A helpful repository for processing AudioSet can be found [here](https://github.com/aoifemcdonagh/audioset-processing/tree/master).

Our use case involved 1. Getting from AudioSet entries that fit our genre categories 2. Getting video titles for those entries 3. Filtering the video titles and extracting artist-song pairs 4. Getting lyrics for these pairs 5. Fetching audio for the pairs with lyrics.

In our work we fetched dataa for 'hip hop', 'country', 'folk', 'electronic', 'jazz', 'pop', 'reggae', 'rhythm & blues' and 'rock'. Rock also contains metal music which we seperate. We combine country and folk under one label, jazz reggae and rnb under the 'rhythm music' label

In [None]:
#1. This function from the provided repo can be used to fetch entries from AudioSet that belong to certain classes
def create_csv(class_name, args):
    """
    Function for creating csv file containing all clips and corresponding info for given class
    Blacklisted classes functionality implemented here
    :param class_name:
    :param args:
    :return:
    """
    # construct path to destination dir
    dst_dir = args.destination_dir if args.destination_dir is not None else DEFAULT_DEST_DIR
    csv_dataset = args.csv_dataset if args.csv_dataset is not None else DEFAULT_CSV_DATASET
    print("Looking into: ", DEFAULT_CSV_DATASET)

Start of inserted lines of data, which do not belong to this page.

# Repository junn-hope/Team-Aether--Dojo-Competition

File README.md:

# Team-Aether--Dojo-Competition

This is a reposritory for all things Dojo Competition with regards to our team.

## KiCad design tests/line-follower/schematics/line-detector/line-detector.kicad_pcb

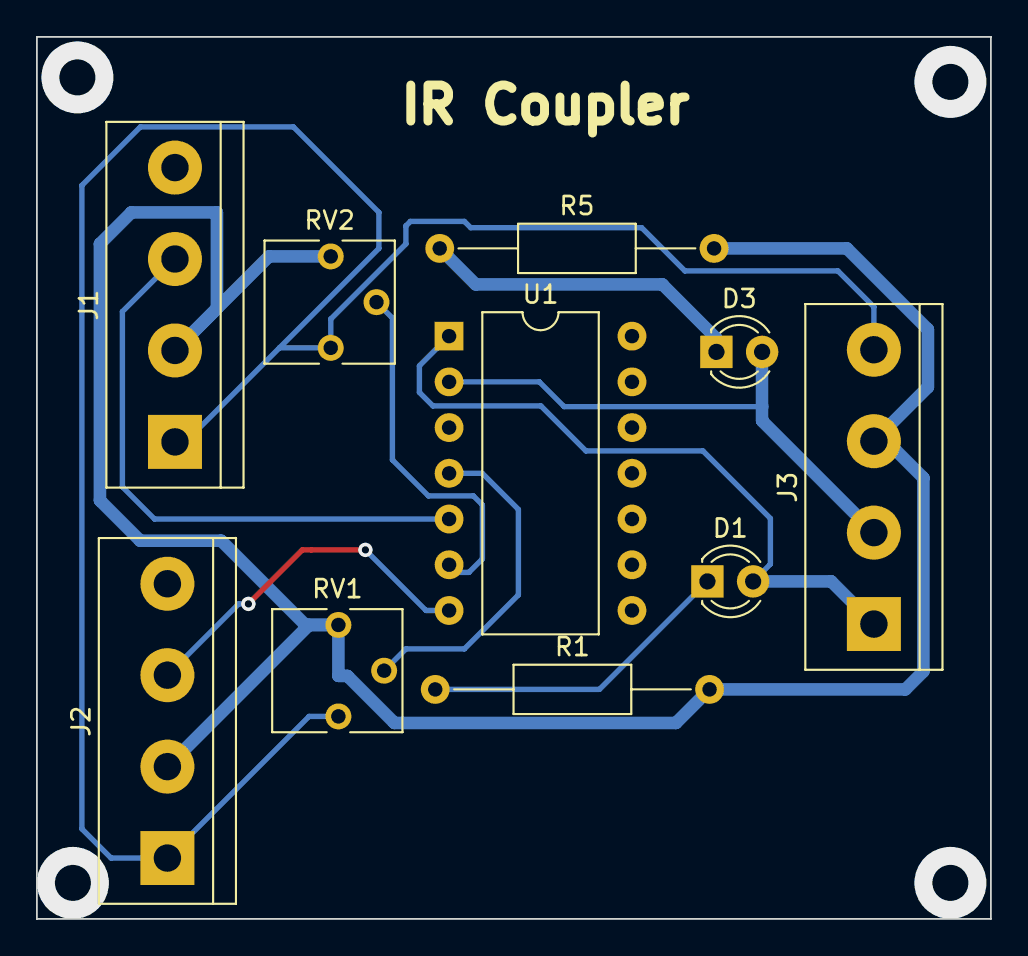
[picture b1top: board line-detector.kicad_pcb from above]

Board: 2 copper layers, 53.0 x 49.0 mm, 10 parts (0 on the bottom side), 10 nets.

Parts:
D1, D3: LED; LED_D3.0mm
J1: ir_module1; TerminalBlock_bornier-4_P5.08mm
J2: ir_module2; TerminalBlock_bornier-4_P5.08mm
J3: ouput_to_mcu; TerminalBlock_bornier-4_P5.08mm
R1, R5: 220R; R_Axial_DIN0207_L6.3mm_D2.5mm_P15.24mm_Horizontal
RV1, RV2: 10k; Potentiometer_Vishay_T73YP_Vertical
U1: LM339; DIP-14_W10.16mm

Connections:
GND: J1.2, J2.2, J3.3, R1.2, R5.2, RV1.3, RV2.3
IN1: J1.3, U1.5 (+)
IN2: J2.3, U1.7 (+)
unnamed: D1.1 (K), R1.1
unnamed: D3.1 (K), R5.1
unnamed: RV1.2, U1.4 (-)
unnamed: RV2.2, U1.6 (-)
OUT1: D3.2 (A), J3.2, U1.2
OUT2: D1.2 (A), J3.1, U1.1
VCC: J1.1, J2.1, J3.4, RV1.1, RV2.1

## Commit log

2022-08-22 created: schematics for IR modules
2022-08-25 added: arduino code for line follower
2022-09-15 added ir couplet

    new_csv_path = os.path.join(str(dst_dir) + "/" + class_name + '.csv')
    print(new_csv_path)

    # Should check if CSV already exists and possibly return if so? Overwriting for now
    if os.path.isfile(new_csv_path):
        print("A CSV file for class " + class_name + ' already exists.')
        print("*** Overwriting " + str(new_csv_path) + " ***")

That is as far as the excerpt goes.